Thursday, January 29, 2015


     David Browne’s 2008 biography of indie rock pioneers Sonic Youth, Goodbye 20th Century, is a detailed history of one of the most influential acts in the entertainment business over the past 30 years. Conceived in 1981 in New York City, the band recorded what turned out to be its final record in 2011, capping three decades of groundbreaking work for an industry that did not survive them. I picked up this book when it was published in 2008, but left it on the shelf unread for seven years before finally deciding to read it over the past couple of weeks. That gap had more to do with my evolving listening habits, and my waning interest in the band following their final record for Geffen in 2006, Rather Ripped.
     Sonic Youth’s music had never been an east fit for me. To say they were “an acquired taste” is completely accurate. Having grown up during the 1960’s and 70’s, and placing a premium on music that featured strong melodies, memorable riffs, and perfect harmonies along with imaginative arrangements and excellent production, it was hard for me to find value in music that seemed to have none of those traits. But the buzz in the music press about this bunch of avant-garde indie rockers from The Big Apple was so strong that I had to find out what they were about.
     The din was at its loudest around the time of their most celebrated indie label success, Daydream Nation (1988). That record was seen as the band’s first great achievement, and its standing is such today that it was added to the U.S. government’s registry of officially recognized landmark historic recordings. At the time, it seemed the logical place to beginning exploring Sonic Youth.
     I didn’t understand the record at all when I first heard it. And after repeated attempts, finally discarded it once and for all, having gone through a cassette copy, a CD, and a vinyl record version of it. To this day I can’t for the life of me hear what everyone else claims to hear in that record. For whatever reason, it just didn’t connect with me on any level.
     The din got louder, but only after seeing the band perform on television in 1990 on an episode of David Sanborn’s late night music show Night Music, did I begin to see and hear the band’s appeal. Watching a band play a song that sounds like a song, but dissolves into chaos, and anarchy and noise as the band falls about the stage, torturing their instruments to get strange sounds out of them, only to have it resolve itself into a song again by the end makes quite an impact the first time you witness it. If there’s a fetching blonde female in the middle of all that playing a bass guitar, so much the better.
     When the band’s major label debut for Geffen Records, Goo, appeared that year, I began to hear things I liked, and, more importantly, understood. It became apparent to me by then that the noise that was so much a part of their sound was simply another instrument the band had in its arsenal of strangely tuned guitars, and electric motors, and chainsaws, and whatever else they were using in service to the song. None of this was off putting to me, however, because I could still recognize song structure somewhere beneath the cacophony. It was a bit like hearing free jazz for the first time. In the beginning it sounds like noise. But the more you listen, the more it makes sense.
     I stayed with the band because the records got more interesting to me over the next several years. I even joined their fan club, and was treated to an amazing fanzine called Sonic Death (the work of guitarist Thurston Moore), and access to a variety of bootlegs the band sold by mail order only to fan club members. I have a live set that’s incredible recorded at a show in Texas, and a CD of Goo demos that I prefer to the finished album. I searched out and bought as many CD singles as I could find by the band as well because they had a knack of putting some of their most interesting stuff on that format, but not on their major label albums. Through 2006, I bought every Sonic Youth record when it was released, and backtracked to collect the band’s indie label releases prior to Daydream Nation. I even picked up a few of the group’s side projects for their SYR label – music they recorded for themselves that did not necessarily fit the type of thing the major label wanted from them. 

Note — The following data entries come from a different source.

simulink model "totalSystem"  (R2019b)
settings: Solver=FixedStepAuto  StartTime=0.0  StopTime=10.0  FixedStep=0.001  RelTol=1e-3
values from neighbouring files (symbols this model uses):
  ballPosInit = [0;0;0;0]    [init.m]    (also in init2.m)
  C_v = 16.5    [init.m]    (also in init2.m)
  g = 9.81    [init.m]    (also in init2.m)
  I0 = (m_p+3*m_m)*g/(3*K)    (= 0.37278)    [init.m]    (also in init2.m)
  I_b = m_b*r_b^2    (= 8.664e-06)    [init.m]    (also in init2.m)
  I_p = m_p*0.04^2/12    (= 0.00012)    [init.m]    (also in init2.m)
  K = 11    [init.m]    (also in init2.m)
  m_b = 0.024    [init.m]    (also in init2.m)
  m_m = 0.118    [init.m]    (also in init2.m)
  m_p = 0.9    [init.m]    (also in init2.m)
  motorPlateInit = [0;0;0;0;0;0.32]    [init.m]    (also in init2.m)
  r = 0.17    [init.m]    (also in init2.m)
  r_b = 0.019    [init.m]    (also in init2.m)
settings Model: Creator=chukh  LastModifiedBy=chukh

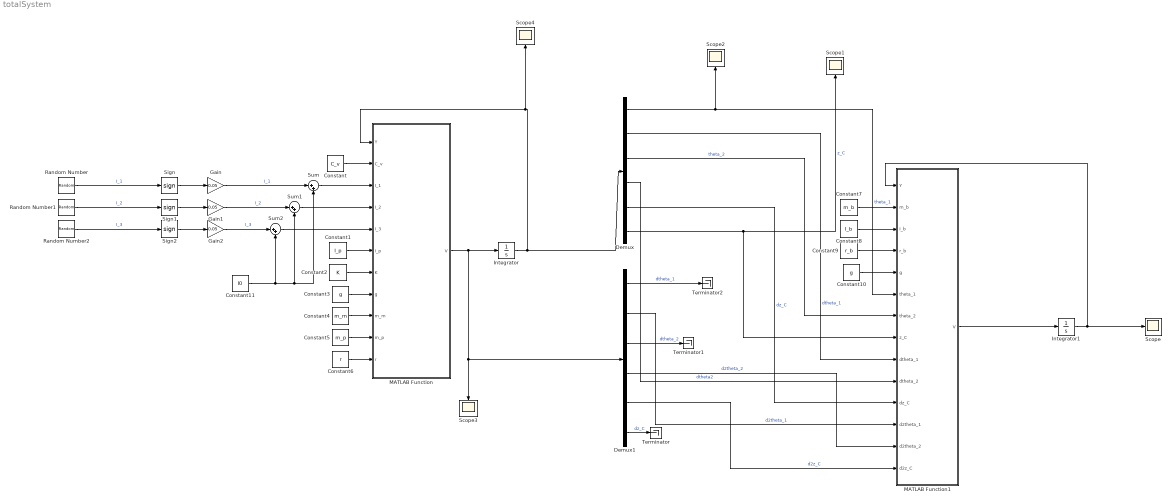
== system totalSystem ==
  Constant : Constant  Value=C_v
  Constant1 : Constant  Value=I_p
  Constant10 : Constant  Value=g
  Constant11 : Constant  Value=I0
  Constant2 : Constant  Value=K
  Constant3 : Constant  Value=g
  Constant4 : Constant  Value=m_m
  Constant5 : Constant  Value=m_p
  Constant6 : Constant  Value=r
  Constant7 : Constant  Value=m_b
  Constant8 : Constant  Value=I_b
  Constant9 : Constant  Value=r_b
  Demux : Demux  Outputs=6
  Demux1 : Demux  Outputs=6
  Gain : Gain  Gain=0.05
  Gain1 : Gain  Gain=0.05
  Gain2 : Gain  Gain=0.05
  Integrator : Integrator  InitialCondition=motorPlateInit
  Integrator1 : Integrator  InitialCondition=ballPosInit
  MATLAB Function : MATLAB Function  TreatAsAtomicUnit=on
  MATLAB Function1 : MATLAB Function  TreatAsAtomicUnit=on
  Random Number : RandomNumber  Seed=13  SampleTime=0.001
  Random Number1 : RandomNumber  Seed=23  SampleTime=0.001
  Random Number2 : RandomNumber  Seed=47  SampleTime=0.001
  Scope{,1..4} (5 alike) : Scope
  Sign : Signum
  Sign1 : Signum
  Sign2 : Signum
  Sum : Sum  Inputs=|++
  Sum1 : Sum  Inputs=|++
  Sum2 : Sum  Inputs=|++
  Terminator : Terminator
  Terminator1 : Terminator
  Terminator2 : Terminator
  wires:
  Demux/6 -> Scope1/1, MATLAB Function1/8(z_C)  "z_C"
  Demux/2 -> MATLAB Function1/9(dtheta_1)  "dtheta_1"
  Demux/3 -> MATLAB Function1/7(theta_2)  "theta_2"
  Demux/4 -> MATLAB Function1/10(dtheta_2)  "dtheta2"
  Demux/5 -> MATLAB Function1/11(dz_C)  "dz_C"
  Demux1/6 -> Terminator/1  "dz_C"
  Demux1/1 -> Terminator2/1  "dtheta_1"
  Demux1/2 -> MATLAB Function1/12(d2theta_1)  "d2theta_1"
  Demux1/3 -> Terminator1/1  "dtheta_2"
  Demux1/4 -> MATLAB Function1/13(d2theta_2)  "d2theta_2"
  Demux1/5 -> MATLAB Function1/14(d2z_C)  "d2z_C"
  MATLAB Function1/1(V) -> Integrator1/1
  Integrator1/1 -> Scope/1, MATLAB Function1/1(Y)
  Constant7/1 -> MATLAB Function1/2(m_b)
  Constant8/1 -> MATLAB Function1/3(I_b)
  Constant9/1 -> MATLAB Function1/4(r_b)
  Constant10/1 -> MATLAB Function1/5(g)
  Demux/1 -> Scope2/1, MATLAB Function1/6(theta_1)  "theta_1"
  Constant5/1 -> MATLAB Function/10(m_p)
  MATLAB Function/1(V) -> Demux1/1, Scope3/1, Integrator/1
  Random Number/1 -> Sign/1  "I_1"
  Constant4/1 -> MATLAB Function/9(m_m)
  Integrator/1 -> Demux/1, Scope4/1, MATLAB Function/1(Y)
  Constant/1 -> MATLAB Function/2(C_v)
  Constant2/1 -> MATLAB Function/7(K)
  Random Number2/1 -> Sign2/1  "I_3"
  Constant6/1 -> MATLAB Function/11(r)
  Constant1/1 -> MATLAB Function/6(I_p)
  Random Number1/1 -> Sign1/1  "I_2"
  Constant3/1 -> MATLAB Function/8(g)
  Sign/1 -> Gain/1
  Sign1/1 -> Gain1/1
  Sign2/1 -> Gain2/1
  Sum1/1 -> MATLAB Function/4(I_2)
  Gain1/1 -> Sum1/1  "I_2"
  Gain2/1 -> Sum2/1  "I_3"
  Sum2/1 -> MATLAB Function/5(I_3)
  Constant11/1 -> Sum/2, Sum1/2, Sum2/2
  Gain/1 -> Sum/1  "I_1"
  Sum/1 -> MATLAB Function/3(I_1)

== matlab function totalSystem/MATLAB Function1 ==
  data: Y input; V output; m_b input; I_b input; r_b input; g input; theta_1 input; theta_2 input; z_C input; dtheta_1 input; dtheta_2 input; dz_C input; d2theta_1 input; d2theta_2 input; d2z_C input
function V = ballOnPlateODE(Y,m_b,I_b,r_b,g,theta_1,theta_2,z_C,dtheta_1,dtheta_2,dz_C,d2theta_1,d2theta_2,d2z_C)
%BALLONPLATEODE
%    V = BALLONPLATEODE(Y,M_B,I_B,R_B,G,THETA_1,THETA_2,Z_C,DTHETA_1,DTHETA_2,DZ_C,D2THETA_1,D2THETA_2,D2Z_C)

%    This function was generated by the Symbolic Math Toolbox version 8.4.
%    16-May-2021 00:03:52

%matrix([[xf], [Dxf], [yf], [Dyf]])
t2 = cos(theta_1);
t3 = cos(theta_2);
t4 = sin(theta_1);
t5 = sin(theta_2);
t6 = Y(1);
t7 = Y(2);
t8 = Y(3);
t9 = Y(4);
t10 = dtheta_1.^2;
t11 = dtheta_2.^2;
t12 = r_b.^2;
t13 = r_b.^3;
t14 = t2.^2;
t15 = t2.^3;
t16 = t3.^2;
t18 = t3.^3;
t20 = t4.^2;
t21 = t4.^3;
t22 = t5.^2;
t24 = t5.^3;
t28 = m_b.*t12;
t17 = t14.^2;
t19 = t16.^2;
t23 = t20.^2;
t25 = t22.^2;
t26 = 1.0./t14;
t27 = 1.0./t16;
t29 = I_b+t28;
t30 = t14+t20;
t31 = 1.0./t29;
t32 = 1.0./t30;
V = [t7;(t26.*t27.*t31.*t32.*(I_b.*d2theta_2.*r_b.*t15.*t18+I_b.*r_b.*t11.*t15.*t24.*2.0-I_b.*t6.*t11.*t17.*t19-I_b.*t6.*t11.*t17.*t25.*2.0+d2z_C.*t5.*t17.*t18.*t28+g.*t5.*t17.*t18.*t28+m_b.*t11.*t13.*t15.*t24.*2.0-t6.*t11.*t17.*t25.*t28.*2.0+d2theta_2.*m_b.*t3.*t13.*t15.*t22+d2theta_1.*t5.*t8.*t16.*t17.*t28-d2theta_2.*t5.*t6.*t17.*t18.*t28-d2theta_2.*t3.*t6.*t17.*t24.*t28+dtheta_1.*t5.*t9.*t16.*t17.*t28.*2.0-dtheta_2.*t5.*t7.*t17.*t18.*t28.*2.0+dtheta_1.*t5.*t9.*t17.*t18.*t28-dtheta_2.*t3.*t7.*t17.*t24.*t28.*2.0+m_b.*t5.*t10.*t13.*t15.*t16.*2.0+m_b.*t5.*t11.*t13.*t15.*t16+t4.*t8.*t11.*t15.*t24.*t28.*2.0-t6.*t10.*t16.*t17.*t22.*t28-t6.*t11.*t16.*t17.*t22.*t28.*2.0+I_b.*dtheta_1.*dtheta_2.*r_b.*t18.*t21.*2.0+I_b.*dtheta_1.*dtheta_2.*t8.*t17.*t18.*2.0-I_b.*dtheta_1.*dtheta_2.*t8.*t17.*t19+I_b.*dtheta_1.*dtheta_2.*t8.*t18.*t23.*2.0+I_b.*d2theta_2.*r_b.*t2.*t18.*t20+I_b.*d2theta_2.*r_b.*t3.*t15.*t22+I_b.*d2theta_1.*t5.*t8.*t16.*t17+I_b.*d2theta_2.*t4.*t8.*t15.*t18-I_b.*d2theta_2.*t5.*t6.*t17.*t18-I_b.*d2theta_1.*t5.*t8.*t17.*t18+I_b.*d2theta_2.*t2.*t8.*t18.*t21-I_b.*d2theta_2.*t3.*t6.*t17.*t24+I_b.*dtheta_1.*t5.*t9.*t16.*t17.*2.0+I_b.*dtheta_2.*t4.*t9.*t15.*t18.*2.0-I_b.*dtheta_2.*t5.*t7.*t17.*t18.*2.0-I_b.*dtheta_1.*t5.*t9.*t17.*t18+I_b.*dtheta_2.*t2.*t9.*t18.*t21.*2.0-I_b.*dtheta_2.*t3.*t7.*t17.*t24.*2.0+I_b.*r_b.*t5.*t10.*t15.*t16+I_b.*r_b.*t5.*t11.*t15.*t16.*2.0+I_b.*r_b.*t2.*t11.*t20.*t24.*2.0+I_b.*t4.*t8.*t11.*t15.*t24.*2.0+I_b.*t2.*t8.*t11.*t21.*t24.*2.0-I_b.*t6.*t11.*t14.*t19.*t20-I_b.*t6.*t11.*t16.*t17.*t22.*3.0-I_b.*t6.*t11.*t14.*t20.*t25.*2.0+I_b.*dtheta_1.*dtheta_2.*r_b.*t4.*t14.*t18.*2.0-I_b.*dtheta_1.*dtheta_2.*r_b.*t4.*t14.*t22+I_b.*dtheta_1.*dtheta_2.*r_b.*t3.*t21.*t22.*2.0+I_b.*dtheta_1.*dtheta_2.*t4.*t6.*t15.*t24+I_b.*dtheta_1.*dtheta_2.*t3.*t8.*t17.*t22.*2.0+I_b.*dtheta_1.*dtheta_2.*t3.*t8.*t22.*t23.*2.0+I_b.*dtheta_1.*dtheta_2.*t8.*t14.*t18.*t20.*4.0-I_b.*dtheta_1.*dtheta_2.*t8.*t14.*t19.*t20-I_b.*dtheta_1.*dtheta_2.*t8.*t14.*t20.*t22-I_b.*d2theta_1.*r_b.*t3.*t4.*t5.*t14+I_b.*d2theta_1.*r_b.*t4.*t5.*t14.*t16+I_b.*d2theta_2.*r_b.*t2.*t3.*t20.*t22+I_b.*d2theta_1.*t3.*t4.*t6.*t15.*t22-I_b.*d2theta_1.*t3.*t5.*t8.*t14.*t20+I_b.*d2theta_2.*t3.*t4.*t8.*t15.*t22+I_b.*d2theta_2.*t2.*t3.*t8.*t21.*t22+I_b.*d2theta_1.*t5.*t8.*t14.*t16.*t20-I_b.*d2theta_2.*t5.*t6.*t14.*t18.*t20-I_b.*d2theta_2.*t3.*t6.*t14.*t20.*t24+I_b.*dtheta_1.*t3.*t4.*t7.*t15.*t22-I_b.*dtheta_1.*t3.*t5.*t9.*t14.*t20+I_b.*dtheta_2.*t3.*t4.*t9.*t15.*t22.*2.0+I_b.*dtheta_2.*t2.*t3.*t9.*t21.*t22.*2.0+I_b.*dtheta_1.*t5.*t9.*t14.*t16.*t20.*2.0-I_b.*dtheta_2.*t5.*t7.*t14.*t18.*t20.*2.0-I_b.*dtheta_2.*t3.*t7.*t14.*t20.*t24.*2.0+I_b.*r_b.*t2.*t5.*t10.*t16.*t20+I_b.*r_b.*t2.*t5.*t11.*t16.*t20.*2.0-I_b.*t3.*t4.*t5.*t8.*t10.*t15+I_b.*t4.*t5.*t8.*t10.*t15.*t16+I_b.*t4.*t5.*t8.*t11.*t15.*t16.*2.0+I_b.*t4.*t5.*t8.*t10.*t15.*t18+I_b.*t2.*t5.*t8.*t10.*t16.*t21+I_b.*t2.*t5.*t8.*t11.*t16.*t21.*2.0-I_b.*t3.*t6.*t10.*t14.*t20.*t22-I_b.*t6.*t11.*t14.*t16.*t20.*t22.*3.0+dtheta_1.*dtheta_2.*m_b.*t4.*t13.*t14.*t22-dtheta_1.*dtheta_2.*t4.*t6.*t15.*t24.*t28+dtheta_1.*dtheta_2.*t3.*t8.*t17.*t22.*t28.*2.0+dtheta_1.*dtheta_2.*t8.*t14.*t20.*t22.*t28+d2theta_1.*m_b.*t4.*t5.*t13.*t14.*t16+d2theta_2.*t3.*t4.*t8.*t15.*t22.*t28+d2theta_1.*t5.*t8.*t14.*t16.*t20.*t28-dtheta_1.*t3.*t4.*t7.*t15.*t22.*t28+dtheta_1.*t3.*t5.*t9.*t14.*t20.*t28+dtheta_2.*t3.*t4.*t9.*t15.*t22.*t28.*2.0+dtheta_1.*t5.*t9.*t14.*t16.*t20.*t28.*2.0+m_b.*t2.*t3.*t5.*t10.*t13.*t20.*2.0+m_b.*t2.*t5.*t10.*t13.*t16.*t20+t3.*t4.*t5.*t8.*t10.*t15.*t28+t2.*t3.*t5.*t8.*t10.*t21.*t28.*2.0+t4.*t5.*t8.*t10.*t15.*t16.*t28+t4.*t5.*t8.*t11.*t15.*t16.*t28+t4.*t5.*t8.*t10.*t15.*t18.*t28+t2.*t5.*t8.*t10.*t16.*t21.*t28-t3.*t6.*t10.*t14.*t20.*t22.*t28+I_b.*dtheta_1.*dtheta_2.*r_b.*t3.*t4.*t14.*t22.*2.0+I_b.*dtheta_1.*dtheta_2.*t4.*t5.*t6.*t15.*t16+I_b.*dtheta_1.*dtheta_2.*t3.*t8.*t14.*t20.*t22.*4.0-I_b.*dtheta_1.*dtheta_2.*t8.*t14.*t16.*t20.*t22+dtheta_1.*dtheta_2.*m_b.*t3.*t4.*t13.*t14.*t22.*2.0+dtheta_1.*dtheta_2.*t3.*t8.*t14.*t20.*t22.*t28.*2.0))./(t16+t22);t9;-t26.*t27.*t31.*t32.*(I_b.*d2theta_1.*r_b.*t3.*t15+I_b.*r_b.*t10.*t16.*t21.*2.0+I_b.*t3.*t8.*t10.*t17+I_b.*t8.*t10.*t16.*t17-I_b.*t8.*t10.*t17.*t18+I_b.*t8.*t10.*t16.*t23.*2.0+d2z_C.*t4.*t15.*t18.*t28+g.*t4.*t15.*t18.*t28+m_b.*t10.*t13.*t16.*t21.*2.0-t3.*t8.*t10.*t17.*t28+t8.*t10.*t16.*t17.*t28.*2.0-t8.*t10.*t17.*t18.*t28+t8.*t10.*t16.*t23.*t28.*2.0+d2theta_1.*m_b.*t2.*t13.*t16.*t20+d2theta_1.*t4.*t8.*t15.*t16.*t28-d2theta_2.*t4.*t6.*t15.*t18.*t28+d2theta_1.*t2.*t8.*t16.*t21.*t28-dtheta_1.*t3.*t4.*t9.*t15.*t28+dtheta_1.*t3.*t5.*t7.*t17.*t28+dtheta_1.*t4.*t9.*t15.*t16.*t28.*2.0-dtheta_2.*t4.*t7.*t15.*t18.*t28.*2.0+dtheta_1.*t4.*t9.*t15.*t18.*t28+dtheta_1.*t2.*t9.*t16.*t21.*t28.*2.0-m_b.*t3.*t4.*t10.*t13.*t14.*2.0+m_b.*t4.*t10.*t13.*t14.*t16.*3.0+m_b.*t4.*t11.*t13.*t14.*t16+m_b.*t4.*t11.*t13.*t14.*t22.*2.0-t3.*t8.*t10.*t14.*t20.*t28.*2.0-t4.*t6.*t11.*t15.*t24.*t28.*2.0+t8.*t10.*t14.*t16.*t20.*t28.*4.0+t8.*t11.*t14.*t16.*t20.*t28+t8.*t11.*t14.*t20.*t22.*t28.*2.0+I_b.*dtheta_1.*dtheta_2.*r_b.*t5.*t15-I_b.*dtheta_1.*dtheta_2.*t6.*t16.*t17-I_b.*dtheta_1.*dtheta_2.*t6.*t17.*t22+I_b.*d2theta_1.*r_b.*t2.*t16.*t20+I_b.*d2theta_1.*t3.*t4.*t8.*t15-I_b.*d2theta_1.*t3.*t5.*t6.*t17+I_b.*d2theta_1.*t4.*t8.*t15.*t16-I_b.*d2theta_1.*t4.*t8.*t15.*t18+I_b.*d2theta_1.*t2.*t8.*t16.*t21+I_b.*dtheta_1.*t3.*t4.*t9.*t15-I_b.*dtheta_1.*t3.*t5.*t7.*t17+I_b.*dtheta_1.*t4.*t9.*t15.*t16.*2.0-I_b.*dtheta_1.*t4.*t9.*t15.*t18+I_b.*dtheta_1.*t2.*t9.*t16.*t21.*2.0+I_b.*r_b.*t4.*t10.*t14.*t16.*2.0+I_b.*t8.*t10.*t14.*t16.*t20.*3.0-dtheta_1.*dtheta_2.*m_b.*t5.*t13.*t15+dtheta_1.*dtheta_2.*t6.*t17.*t22.*t28+I_b.*dtheta_1.*dtheta_2.*t4.*t5.*t8.*t15+I_b.*t3.*t4.*t5.*t6.*t10.*t15-dtheta_1.*dtheta_2.*t4.*t5.*t8.*t15.*t28+d2theta_2.*m_b.*t3.*t4.*t5.*t13.*t14-d2theta_2.*t3.*t4.*t6.*t15.*t22.*t28+d2theta_2.*t3.*t5.*t8.*t14.*t20.*t28-dtheta_2.*t3.*t4.*t7.*t15.*t22.*t28.*2.0+dtheta_2.*t3.*t5.*t9.*t14.*t20.*t28.*2.0+t3.*t4.*t5.*t6.*t10.*t15.*t28-t4.*t5.*t6.*t10.*t15.*t16.*t28-t4.*t5.*t6.*t11.*t15.*t16.*t28.*2.0+I_b.*dtheta_1.*dtheta_2.*t4.*t5.*t8.*t15.*t16+dtheta_1.*dtheta_2.*m_b.*t2.*t3.*t5.*t13.*t20.*2.0+dtheta_1.*dtheta_2.*t3.*t4.*t5.*t8.*t15.*t28.*2.0+dtheta_1.*dtheta_2.*t2.*t3.*t5.*t8.*t21.*t28.*2.0)];

== matlab function totalSystem/MATLAB Function ==
  data: V output; Y input; C_v input; I_1 input; I_2 input; I_3 input; I_p input; K input; g input; m_m input; m_p input; r input
function V = motorPlateODE(Y,C_v,I_1,I_2,I_3,I_p,K,g,m_m,m_p,r)
%MOTORPLATEODE
%    V = MOTORPLATEODE(T,Y,C_V,I_1,I_2,I_3,I_P,K,G,M_M,M_P,R)

%    This function was generated by the Symbolic Math Toolbox version 8.4.
%    18-May-2021 19:45:09

%matrix([[theta_1f], [omega_1f], [theta_2f], [omega_2f], [dz_Cf], [z_Cf]])
t2 = I_p.^2;
t3 = Y(1);
t4 = Y(2);
t5 = Y(3);
t6 = Y(4);
t7 = Y(5);
t8 = m_m.^2;
t9 = r.^2;
t10 = r.^3;
t19 = sqrt(3.0);
t11 = t9.^2;
t12 = cos(t3);
t13 = cos(t5);
t14 = sin(t3);
t15 = sin(t5);
t16 = t2.*4.0;
t17 = t4.^2;
t18 = t6.^2;
t20 = t12.^2;
t21 = t12.^3;
t22 = t13.^2;
t23 = t13.^3;
t25 = t14.^2;
t26 = t15.^2;
t24 = t22.^2;
t27 = I_p.*m_m.*t9.*t22.*6.0;
t29 = I_p.*m_m.*t9.*t25.*t26.*6.0;
t28 = t20.*t27;
t30 = t8.*t11.*t20.*t24.*9.0;
t31 = t16+t27+t28+t29+t30;
t32 = 1.0./t31;
V = [t4;t32.*(t12.*t14.*t17.*t27+t12.*t14.*t18.*t27+t8.*t11.*t12.*t14.*t17.*t24.*9.0+t8.*t11.*t12.*t14.*t18.*t24.*9.0-C_v.*I_p.*t4.*t9.*t20.*t22.*6.0-C_v.*m_m.*t4.*t11.*t20.*t24.*9.0+I_2.*I_p.*K.*r.*t12.*t13.*t19.*2.0-I_3.*I_p.*K.*r.*t12.*t13.*t19.*2.0+I_2.*K.*m_m.*t10.*t12.*t19.*t23.*3.0-I_3.*K.*m_m.*t10.*t12.*t19.*t23.*3.0+t4.*t6.*t8.*t11.*t15.*t20.*t23.*1.8e+1+t8.*t11.*t12.*t14.*t18.*t22.*t26.*1.8e+1-t8.*t11.*t14.*t18.*t21.*t22.*t26.*9.0-t8.*t11.*t12.*t14.^3.*t18.*t22.*t26.*9.0-t4.*t6.*t8.*t11.*t13.*t15.^3.*t20.*t25.*9.0+C_v.*I_p.*t6.*t9.*t12.*t13.*t14.*t15.*6.0-I_1.*K.*m_m.*t10.*t12.*t14.*t15.*t22.*6.0+I_2.*K.*m_m.*t10.*t12.*t14.*t15.*t22.*3.0+I_3.*K.*m_m.*t10.*t12.*t14.*t15.*t22.*3.0+I_p.*m_m.*t4.*t6.*t9.*t13.*t15.*t20.*1.2e+1+t4.*t6.*t8.*t11.*t13.*t15.*t20.*t25.*9.0-t4.*t6.*t8.*t11.*t15.*t20.*t23.*t25.*9.0);t6;-r.*t32.*(I_1.*I_p.*K.*t13.*4.0-I_2.*I_p.*K.*t13.*2.0-I_3.*I_p.*K.*t13.*2.0+C_v.*I_p.*r.*t6.*t22.*6.0-t8.*t10.*t15.*t18.*t20.*t23.*1.8e+1+t8.*t10.*t15.*t18.*t20.^2.*t23.*9.0+I_2.*I_p.*K.*t14.*t15.*t19.*2.0-I_3.*I_p.*K.*t14.*t15.*t19.*2.0+C_v.*I_p.*r.*t6.*t25.*t26.*6.0+I_1.*K.*m_m.*t9.*t20.*t23.*6.0-I_2.*K.*m_m.*t9.*t20.*t23.*3.0-I_3.*K.*m_m.*t9.*t20.*t23.*3.0+C_v.*m_m.*t6.*t10.*t20.*t24.*9.0-I_p.*m_m.*r.*t13.*t15.*t18.*1.2e+1-I_p.*m_m.*r.*t4.*t6.*t12.*t14.*6.0+I_p.*m_m.*r.*t13.*t15.*t18.*t20.*6.0+I_p.*m_m.*r.*t13.*t15.*t17.*t25.*6.0+I_p.*m_m.*r.*t13.*t15.*t18.*t25.*1.2e+1-t4.*t6.*t8.*t10.*t14.*t21.*t22.*9.0+t4.*t6.*t8.*t10.*t14.*t21.*t24.*9.0+t8.*t10.*t15.*t18.*t20.*t23.*t25.*9.0-C_v.*I_p.*r.*t4.*t12.*t13.*t14.*t15.*6.0+I_p.*m_m.*r.*t4.*t6.*t12.*t14.*t22.*6.0+I_p.*m_m.*r.*t4.*t6.*t12.*t14.*t26.*1.8e+1+t4.*t6.*t8.*t10.*t14.*t21.*t22.*t26.*9.0);-(C_v.*t7.*3.0+g.*m_m.*3.0+g.*m_p-I_1.*K-I_2.*K-I_3.*K)./(m_m.*3.0+m_p);t7];

     By the time David Browne’s book was released, I had moved away from listening much to Sonic Youth because four of the past five albums had disappointed me, and I sensed the band was winding down, finally running out of fresh ideas. There was an eleven-year stretch after the release of Washing Machine (an album I liked a great deal), where the band cut just one record I loved (Murray Street from 2002). A Thousand Leaves, NYC Ghosts & Flowers, Sonic Nurse, and Rather Ripped had all failed to hold my interest and were eventually sold in a 2010 purge of my collection. So disinterested had I become in the band that I did not even investigate their first album for new label Matador in 2009, The Eternal

     But I remembered reading that Thurston Moore and wife Kim Gordon, the band’s founding members along with guitarist Lee Ranaldo, were divorcing and the band’s future was in question as a result. Gordon’s work in a new project, Body/Head had come to my attention, and in an interview I read just a couple of weeks ago with Gordon, when asked whether there were any plans to reform Sonic Youth, her response was simply, “Yeah, not really.” Oddly enough, that was enough to remind me that I’d never gotten around to reading Goodbye 20th Century.
     There’s none of the infidelity that undermined their marriage in the pages of David Browne’s book. There is a picture of a happily married couple that worked together in a band for 30 years, and managed to stay together as a couple for that time, lead fairly normal lives, have a child, move to a suburban neighborhood in Northampton, Massachusetts all the while maintaining a fairly successful career in a music business that was crumbling down around itself by 2000. There are portraits of guitarist Lee Ranaldo, and drummer Steve Shelley as band mates, co-conspirators, and friends (not to mention Jim O’Rourke who worked with the band over a period of just three records, and became, for me, the story’s most interesting character). Beyond that, there is a history of the indie rock scene that sprouted in New York City in the early 80’s, and went on to make an impact not only on the music business, but also the film, and fashion industries. It’s a fascinating and unique story, and one that will hold your interest – even if Sonic Youth were not regular visitors to your stereo system.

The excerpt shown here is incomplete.